[JAVA] Practice of creating a data analysis platform with BigQuery and Cloud DataFlow (data processing)

Practice of creating a data analysis platform with BigQuery and Cloud DataFlow (preparation)

3. Processed using Cloud Dataflow

Last time I wrote that I would use Scio instead of Java and Python. First, I tried using Java and Python for practice. I didn't go to Scio this time.

What i want to do ** Put processed data into BigQuery from BigQuery that contains raw data ** is.

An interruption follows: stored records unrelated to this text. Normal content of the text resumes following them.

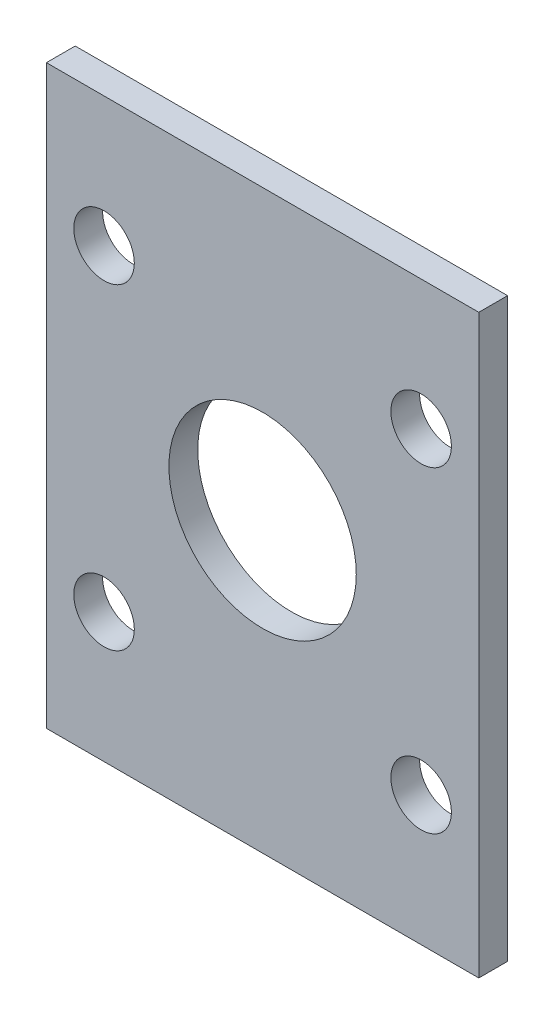
ISO-10303-21;
HEADER;
FILE_DESCRIPTION(('STEP AP214'),'2;1');
FILE_NAME('part.step','',(''),(''),'','','');
FILE_SCHEMA(('AUTOMOTIVE_DESIGN { 1 0 10303 214 1 1 1 1 }'));
ENDSEC;
DATA;
#1=APPLICATION_CONTEXT('core data for automotive mechanical design processes');
#2=APPLICATION_PROTOCOL_DEFINITION('international standard','automotive_design',2000,#1);
#3=PRODUCT_CONTEXT('',#1,'mechanical');
#4=PRODUCT('Part','Part','',(#3));
#5=PRODUCT_RELATED_PRODUCT_CATEGORY('part','',(#4));
#6=PRODUCT_DEFINITION_FORMATION('','',#4);
#7=PRODUCT_DEFINITION_CONTEXT('part definition',#1,'design');
#8=PRODUCT_DEFINITION('design','',#6,#7);
#9=PRODUCT_DEFINITION_SHAPE('','',#8);
#10=(LENGTH_UNIT() NAMED_UNIT(*) SI_UNIT(.MILLI.,.METRE.));
#11=(NAMED_UNIT(*) PLANE_ANGLE_UNIT() SI_UNIT($,.RADIAN.));
#12=(NAMED_UNIT(*) SI_UNIT($,.STERADIAN.) SOLID_ANGLE_UNIT());
#13=UNCERTAINTY_MEASURE_WITH_UNIT(LENGTH_MEASURE(1.E-05),#10,'distance_accuracy_value','');
#14=(GEOMETRIC_REPRESENTATION_CONTEXT(3) GLOBAL_UNCERTAINTY_ASSIGNED_CONTEXT((#13)) GLOBAL_UNIT_ASSIGNED_CONTEXT((#10,
#11,#12)) REPRESENTATION_CONTEXT('',''));
#15=CARTESIAN_POINT('',(0.,0.,0.));
#16=DIRECTION('',(0.,0.,1.));
#17=DIRECTION('',(1.,0.,0.));
#18=AXIS2_PLACEMENT_3D('',#15,#16,#17);
#19=CARTESIAN_POINT('',(-15.,0.,2.));
#20=DIRECTION('',(1.,0.,0.));
#21=DIRECTION('',(0.,1.,0.));
#22=AXIS2_PLACEMENT_3D('',#19,#20,#21);
#23=PLANE('',#22);
#24=DIRECTION('',(0.,-1.,0.));
#25=VECTOR('',#24,1.);
#26=CARTESIAN_POINT('',(-15.,0.,0.));
#27=LINE('',#26,#25);
#28=CARTESIAN_POINT('',(-15.,20.,0.));
#29=VERTEX_POINT('',#28);
#30=CARTESIAN_POINT('',(-15.,-20.,0.));
#31=VERTEX_POINT('',#30);
#32=EDGE_CURVE('E59',#29,#31,#27,.T.);
#33=ORIENTED_EDGE('',*,*,#32,.T.);
#34=DIRECTION('',(0.,0.,-1.));
#35=VECTOR('',#34,1.);
#36=CARTESIAN_POINT('',(-15.,-20.,0.));
#37=LINE('',#36,#35);
#38=CARTESIAN_POINT('',(-15.,-20.,2.));
#39=VERTEX_POINT('',#38);
#40=EDGE_CURVE('E86',#39,#31,#37,.T.);
#41=ORIENTED_EDGE('',*,*,#40,.F.);
#42=DIRECTION('',(0.,-1.,0.));
#43=VECTOR('',#42,1.);
#44=CARTESIAN_POINT('',(-15.,0.,2.));
#45=LINE('',#44,#43);
#46=CARTESIAN_POINT('',(-15.,20.,2.));
#47=VERTEX_POINT('',#46);
#48=EDGE_CURVE('E51',#47,#39,#45,.T.);
#49=ORIENTED_EDGE('',*,*,#48,.F.);
#50=DIRECTION('',(0.,0.,1.));
#51=VECTOR('',#50,1.);
#52=CARTESIAN_POINT('',(-15.,20.,0.));
#53=LINE('',#52,#51);
#54=EDGE_CURVE('E88',#29,#47,#53,.T.);
#55=ORIENTED_EDGE('',*,*,#54,.F.);
#56=EDGE_LOOP('',(#33,#41,#49,#55));
#57=FACE_BOUND('',#56,.T.);
#58=ADVANCED_FACE('F41',(#57),#23,.F.);
#59=CARTESIAN_POINT('',(15.,0.,2.));
#60=DIRECTION('',(1.,0.,0.));
#61=DIRECTION('',(0.,1.,0.));
#62=AXIS2_PLACEMENT_3D('',#59,#60,#61);
#63=PLANE('',#62);
#64=DIRECTION('',(0.,-1.,0.));
#65=VECTOR('',#64,1.);
#66=CARTESIAN_POINT('',(15.,0.,0.));
#67=LINE('',#66,#65);
#68=CARTESIAN_POINT('',(15.,20.,0.));
#69=VERTEX_POINT('',#68);
#70=CARTESIAN_POINT('',(15.,-20.,0.));
#71=VERTEX_POINT('',#70);
#72=EDGE_CURVE('E45',#69,#71,#67,.T.);
#73=ORIENTED_EDGE('',*,*,#72,.F.);
#74=DIRECTION('',(0.,0.,-1.));
#75=VECTOR('',#74,1.);
#76=CARTESIAN_POINT('',(15.,20.,0.));
#77=LINE('',#76,#75);
#78=CARTESIAN_POINT('',(15.,20.,2.));
#79=VERTEX_POINT('',#78);
#80=EDGE_CURVE('E116',#79,#69,#77,.T.);
#81=ORIENTED_EDGE('',*,*,#80,.F.);
#82=DIRECTION('',(0.,-1.,0.));
#83=VECTOR('',#82,1.);
#84=CARTESIAN_POINT('',(15.,0.,2.));
#85=LINE('',#84,#83);
#86=CARTESIAN_POINT('',(15.,-20.,2.));
#87=VERTEX_POINT('',#86);
#88=EDGE_CURVE('E11',#79,#87,#85,.T.);
#89=ORIENTED_EDGE('',*,*,#88,.T.);
#90=DIRECTION('',(0.,0.,1.));
#91=VECTOR('',#90,1.);
#92=CARTESIAN_POINT('',(15.,-20.,0.));
#93=LINE('',#92,#91);
#94=EDGE_CURVE('E97',#71,#87,#93,.T.);
#95=ORIENTED_EDGE('',*,*,#94,.F.);
#96=EDGE_LOOP('',(#73,#81,#89,#95));
#97=FACE_BOUND('',#96,.T.);
#98=ADVANCED_FACE('F168',(#97),#63,.T.);
#99=CARTESIAN_POINT('',(-11.,11.,2.));
#100=DIRECTION('',(0.,0.,-1.));
#101=DIRECTION('',(-1.,0.,0.));
#102=AXIS2_PLACEMENT_3D('',#99,#100,#101);
#103=CYLINDRICAL_SURFACE('',#102,2.1);
#104=CARTESIAN_POINT('',(-11.,11.,2.));
#105=DIRECTION('',(0.,0.,1.));
#106=DIRECTION('',(1.,0.,0.));
#107=AXIS2_PLACEMENT_3D('',#104,#105,#106);
#108=CIRCLE('',#107,2.1);
#109=CARTESIAN_POINT('',(-8.9,11.,2.));
#110=VERTEX_POINT('',#109);
#111=EDGE_CURVE('E143',#110,#110,#108,.T.);
#112=ORIENTED_EDGE('',*,*,#111,.T.);
#113=EDGE_LOOP('',(#112));
#114=FACE_BOUND('',#113,.T.);
#115=CARTESIAN_POINT('',(-11.,11.,0.));
#116=DIRECTION('',(0.,0.,1.));
#117=DIRECTION('',(1.,0.,0.));
#118=AXIS2_PLACEMENT_3D('',#115,#116,#117);
#119=CIRCLE('',#118,2.1);
#120=CARTESIAN_POINT('',(-8.9,11.,0.));
#121=VERTEX_POINT('',#120);
#122=EDGE_CURVE('E90',#121,#121,#119,.T.);
#123=ORIENTED_EDGE('',*,*,#122,.F.);
#124=EDGE_LOOP('',(#123));
#125=FACE_BOUND('',#124,.T.);
#126=ADVANCED_FACE('F165',(#114,#125),#103,.F.);
#127=CARTESIAN_POINT('',(11.,11.,2.));
#128=DIRECTION('',(0.,0.,-1.));
#129=DIRECTION('',(-1.,0.,0.));
#130=AXIS2_PLACEMENT_3D('',#127,#128,#129);
#131=CYLINDRICAL_SURFACE('',#130,2.1);
#132=CARTESIAN_POINT('',(11.,11.,2.));
#133=DIRECTION('',(0.,0.,1.));
#134=DIRECTION('',(1.,0.,0.));
#135=AXIS2_PLACEMENT_3D('',#132,#133,#134);
#136=CIRCLE('',#135,2.1);
#137=CARTESIAN_POINT('',(13.1,11.,2.));
#138=VERTEX_POINT('',#137);
#139=EDGE_CURVE('E139',#138,#138,#136,.T.);
#140=ORIENTED_EDGE('',*,*,#139,.T.);
#141=EDGE_LOOP('',(#140));
#142=FACE_BOUND('',#141,.T.);
#143=CARTESIAN_POINT('',(11.,11.,0.));
#144=DIRECTION('',(0.,0.,1.));
#145=DIRECTION('',(1.,0.,0.));
#146=AXIS2_PLACEMENT_3D('',#143,#144,#145);
#147=CIRCLE('',#146,2.1);
#148=CARTESIAN_POINT('',(13.1,11.,0.));
#149=VERTEX_POINT('',#148);
#150=EDGE_CURVE('E156',#149,#149,#147,.T.);
#151=ORIENTED_EDGE('',*,*,#150,.F.);
#152=EDGE_LOOP('',(#151));
#153=FACE_BOUND('',#152,.T.);
#154=ADVANCED_FACE('F167',(#142,#153),#131,.F.);
#155=CARTESIAN_POINT('',(11.,-11.,2.));
#156=DIRECTION('',(0.,0.,-1.));
#157=DIRECTION('',(-1.,0.,0.));
#158=AXIS2_PLACEMENT_3D('',#155,#156,#157);
#159=CYLINDRICAL_SURFACE('',#158,2.1);
#160=CARTESIAN_POINT('',(11.,-11.,2.));
#161=DIRECTION('',(0.,0.,1.));
#162=DIRECTION('',(1.,0.,0.));
#163=AXIS2_PLACEMENT_3D('',#160,#161,#162);
#164=CIRCLE('',#163,2.1);
#165=CARTESIAN_POINT('',(13.1,-11.,2.));
#166=VERTEX_POINT('',#165);
#167=EDGE_CURVE('E135',#166,#166,#164,.T.);
#168=ORIENTED_EDGE('',*,*,#167,.T.);
#169=EDGE_LOOP('',(#168));
#170=FACE_BOUND('',#169,.T.);
#171=CARTESIAN_POINT('',(11.,-11.,0.));
#172=DIRECTION('',(0.,0.,1.));
#173=DIRECTION('',(1.,0.,0.));
#174=AXIS2_PLACEMENT_3D('',#171,#172,#173);
#175=CIRCLE('',#174,2.1);
#176=CARTESIAN_POINT('',(13.1,-11.,0.));
#177=VERTEX_POINT('',#176);
#178=EDGE_CURVE('E152',#177,#177,#175,.T.);
#179=ORIENTED_EDGE('',*,*,#178,.F.);
#180=EDGE_LOOP('',(#179));
#181=FACE_BOUND('',#180,.T.);
#182=ADVANCED_FACE('F175',(#170,#181),#159,.F.);
#183=CARTESIAN_POINT('',(-11.,-11.,2.));
#184=DIRECTION('',(0.,0.,-1.));
#185=DIRECTION('',(-1.,0.,0.));
#186=AXIS2_PLACEMENT_3D('',#183,#184,#185);
#187=CYLINDRICAL_SURFACE('',#186,2.1);
#188=CARTESIAN_POINT('',(-11.,-11.,2.));
#189=DIRECTION('',(0.,0.,1.));
#190=DIRECTION('',(1.,0.,0.));
#191=AXIS2_PLACEMENT_3D('',#188,#189,#190);
#192=CIRCLE('',#191,2.1);
#193=CARTESIAN_POINT('',(-8.9,-11.,2.));
#194=VERTEX_POINT('',#193);
#195=EDGE_CURVE('E131',#194,#194,#192,.T.);
#196=ORIENTED_EDGE('',*,*,#195,.T.);
#197=EDGE_LOOP('',(#196));
#198=FACE_BOUND('',#197,.T.);
#199=CARTESIAN_POINT('',(-11.,-11.,0.));
#200=DIRECTION('',(0.,0.,1.));
#201=DIRECTION('',(1.,0.,0.));
#202=AXIS2_PLACEMENT_3D('',#199,#200,#201);
#203=CIRCLE('',#202,2.1);
#204=CARTESIAN_POINT('',(-8.9,-11.,0.));
#205=VERTEX_POINT('',#204);
#206=EDGE_CURVE('E127',#205,#205,#203,.T.);
#207=ORIENTED_EDGE('',*,*,#206,.F.);
#208=EDGE_LOOP('',(#207));
#209=FACE_BOUND('',#208,.T.);
#210=ADVANCED_FACE('F43',(#198,#209),#187,.F.);
#211=CARTESIAN_POINT('',(0.,0.,2.));
#212=DIRECTION('',(0.,0.,1.));
#213=DIRECTION('',(1.,0.,0.));
#214=AXIS2_PLACEMENT_3D('',#211,#212,#213);
#215=PLANE('',#214);
#216=CARTESIAN_POINT('',(0.,0.,2.));
#217=DIRECTION('',(0.,0.,1.));
#218=DIRECTION('',(1.,0.,0.));
#219=AXIS2_PLACEMENT_3D('',#216,#217,#218);
#220=CIRCLE('',#219,6.5);
#221=CARTESIAN_POINT('',(6.5,0.,2.));
#222=VERTEX_POINT('',#221);
#223=EDGE_CURVE('E122',#222,#222,#220,.T.);
#224=ORIENTED_EDGE('',*,*,#223,.F.);
#225=EDGE_LOOP('',(#224));
#226=FACE_BOUND('',#225,.T.);
#227=ORIENTED_EDGE('',*,*,#195,.F.);
#228=EDGE_LOOP('',(#227));
#229=FACE_BOUND('',#228,.T.);
#230=ORIENTED_EDGE('',*,*,#167,.F.);
#231=EDGE_LOOP('',(#230));
#232=FACE_BOUND('',#231,.T.);
#233=ORIENTED_EDGE('',*,*,#139,.F.);
#234=EDGE_LOOP('',(#233));
#235=FACE_BOUND('',#234,.T.);
#236=ORIENTED_EDGE('',*,*,#111,.F.);
#237=EDGE_LOOP('',(#236));
#238=FACE_BOUND('',#237,.T.);
#239=ORIENTED_EDGE('',*,*,#48,.T.);
#240=DIRECTION('',(-1.,0.,0.));
#241=VECTOR('',#240,1.);
#242=CARTESIAN_POINT('',(-15.,-20.,2.));
#243=LINE('',#242,#241);
#244=EDGE_CURVE('E102',#87,#39,#243,.T.);
#245=ORIENTED_EDGE('',*,*,#244,.F.);
#246=ORIENTED_EDGE('',*,*,#88,.F.);
#247=DIRECTION('',(1.,0.,0.));
#248=VECTOR('',#247,1.);
#249=CARTESIAN_POINT('',(-15.,20.,2.));
#250=LINE('',#249,#248);
#251=EDGE_CURVE('E112',#47,#79,#250,.T.);
#252=ORIENTED_EDGE('',*,*,#251,.F.);
#253=EDGE_LOOP('',(#239,#245,#246,#252));
#254=FACE_BOUND('',#253,.T.);
#255=ADVANCED_FACE('F187',(#226,#229,#232,#235,#238,#254),#215,.T.);
#256=CARTESIAN_POINT('',(0.,0.,0.));
#257=DIRECTION('',(0.,0.,1.));
#258=DIRECTION('',(1.,0.,0.));
#259=AXIS2_PLACEMENT_3D('',#256,#257,#258);
#260=PLANE('',#259);
#261=CARTESIAN_POINT('',(0.,0.,0.));
#262=DIRECTION('',(0.,0.,1.));
#263=DIRECTION('',(1.,0.,0.));
#264=AXIS2_PLACEMENT_3D('',#261,#262,#263);
#265=CIRCLE('',#264,6.5);
#266=CARTESIAN_POINT('',(6.5,0.,0.));
#267=VERTEX_POINT('',#266);
#268=EDGE_CURVE('E123',#267,#267,#265,.T.);
#269=ORIENTED_EDGE('',*,*,#268,.T.);
#270=EDGE_LOOP('',(#269));
#271=FACE_BOUND('',#270,.T.);
#272=ORIENTED_EDGE('',*,*,#206,.T.);
#273=EDGE_LOOP('',(#272));
#274=FACE_BOUND('',#273,.T.);
#275=ORIENTED_EDGE('',*,*,#178,.T.);
#276=EDGE_LOOP('',(#275));
#277=FACE_BOUND('',#276,.T.);
#278=ORIENTED_EDGE('',*,*,#150,.T.);
#279=EDGE_LOOP('',(#278));
#280=FACE_BOUND('',#279,.T.);
#281=ORIENTED_EDGE('',*,*,#122,.T.);
#282=EDGE_LOOP('',(#281));
#283=FACE_BOUND('',#282,.T.);
#284=ORIENTED_EDGE('',*,*,#32,.F.);
#285=DIRECTION('',(-1.,0.,0.));
#286=VECTOR('',#285,1.);
#287=CARTESIAN_POINT('',(-15.,20.,0.));
#288=LINE('',#287,#286);
#289=EDGE_CURVE('E119',#69,#29,#288,.T.);
#290=ORIENTED_EDGE('',*,*,#289,.F.);
#291=ORIENTED_EDGE('',*,*,#72,.T.);
#292=DIRECTION('',(1.,0.,0.));
#293=VECTOR('',#292,1.);
#294=CARTESIAN_POINT('',(-15.,-20.,0.));
#295=LINE('',#294,#293);
#296=EDGE_CURVE('E92',#31,#71,#295,.T.);
#297=ORIENTED_EDGE('',*,*,#296,.F.);
#298=EDGE_LOOP('',(#284,#290,#291,#297));
#299=FACE_BOUND('',#298,.T.);
#300=ADVANCED_FACE('F93',(#271,#274,#277,#280,#283,#299),#260,.F.);
#301=CARTESIAN_POINT('',(0.,0.,0.));
#302=DIRECTION('',(0.,0.,1.));
#303=DIRECTION('',(1.,0.,0.));
#304=AXIS2_PLACEMENT_3D('',#301,#302,#303);
#305=CYLINDRICAL_SURFACE('',#304,6.5);
#306=ORIENTED_EDGE('',*,*,#268,.F.);
#307=EDGE_LOOP('',(#306));
#308=FACE_BOUND('',#307,.T.);
#309=ORIENTED_EDGE('',*,*,#223,.T.);
#310=EDGE_LOOP('',(#309));
#311=FACE_BOUND('',#310,.T.);
#312=ADVANCED_FACE('F186',(#308,#311),#305,.F.);
#313=CARTESIAN_POINT('',(0.,20.,0.));
#314=DIRECTION('',(0.,1.,0.));
#315=DIRECTION('',(0.,0.,1.));
#316=AXIS2_PLACEMENT_3D('',#313,#314,#315);
#317=PLANE('',#316);
#318=ORIENTED_EDGE('',*,*,#54,.T.);
#319=ORIENTED_EDGE('',*,*,#251,.T.);
#320=ORIENTED_EDGE('',*,*,#80,.T.);
#321=ORIENTED_EDGE('',*,*,#289,.T.);
#322=EDGE_LOOP('',(#318,#319,#320,#321));
#323=FACE_BOUND('',#322,.T.);
#324=ADVANCED_FACE('F194',(#323),#317,.T.);
#325=CARTESIAN_POINT('',(0.,-20.,0.));
#326=DIRECTION('',(0.,1.,0.));
#327=DIRECTION('',(0.,0.,1.));
#328=AXIS2_PLACEMENT_3D('',#325,#326,#327);
#329=PLANE('',#328);
#330=ORIENTED_EDGE('',*,*,#40,.T.);
#331=ORIENTED_EDGE('',*,*,#296,.T.);
#332=ORIENTED_EDGE('',*,*,#94,.T.);
#333=ORIENTED_EDGE('',*,*,#244,.T.);
#334=EDGE_LOOP('',(#330,#331,#332,#333));
#335=FACE_BOUND('',#334,.T.);
#336=ADVANCED_FACE('F100',(#335),#329,.F.);
#337=CLOSED_SHELL('',(#58,#98,#126,#154,#182,#210,#255,#300,#312,#324,#336));
#338=MANIFOLD_SOLID_BREP('B2',#337);
#339=ADVANCED_BREP_SHAPE_REPRESENTATION('',(#18,#338),#14);
#340=SHAPE_DEFINITION_REPRESENTATION(#9,#339);
ENDSEC;
END-ISO-10303-21;

The environment is Python 2.7.13 + Apache Beam 2.5.0 Java 1.8.0_25 + Apache Beam 2.4.0

When I was googled, I had a lot of trouble because a lot of Cloud Dataflow 1 series articles were caught. Even the official document is quite stuck in the 1st system. I think it was best to read Apache Beam with all my might.

Also, the official GCP documentation has different versions in Japanese and English, and Japanese is often old. I think you can be happy with the following Chrome extensions. GCP outdated docs checker

Data processing with python

Official documentation First of all, you can understand the flow by doing the sample wordcount of the official document.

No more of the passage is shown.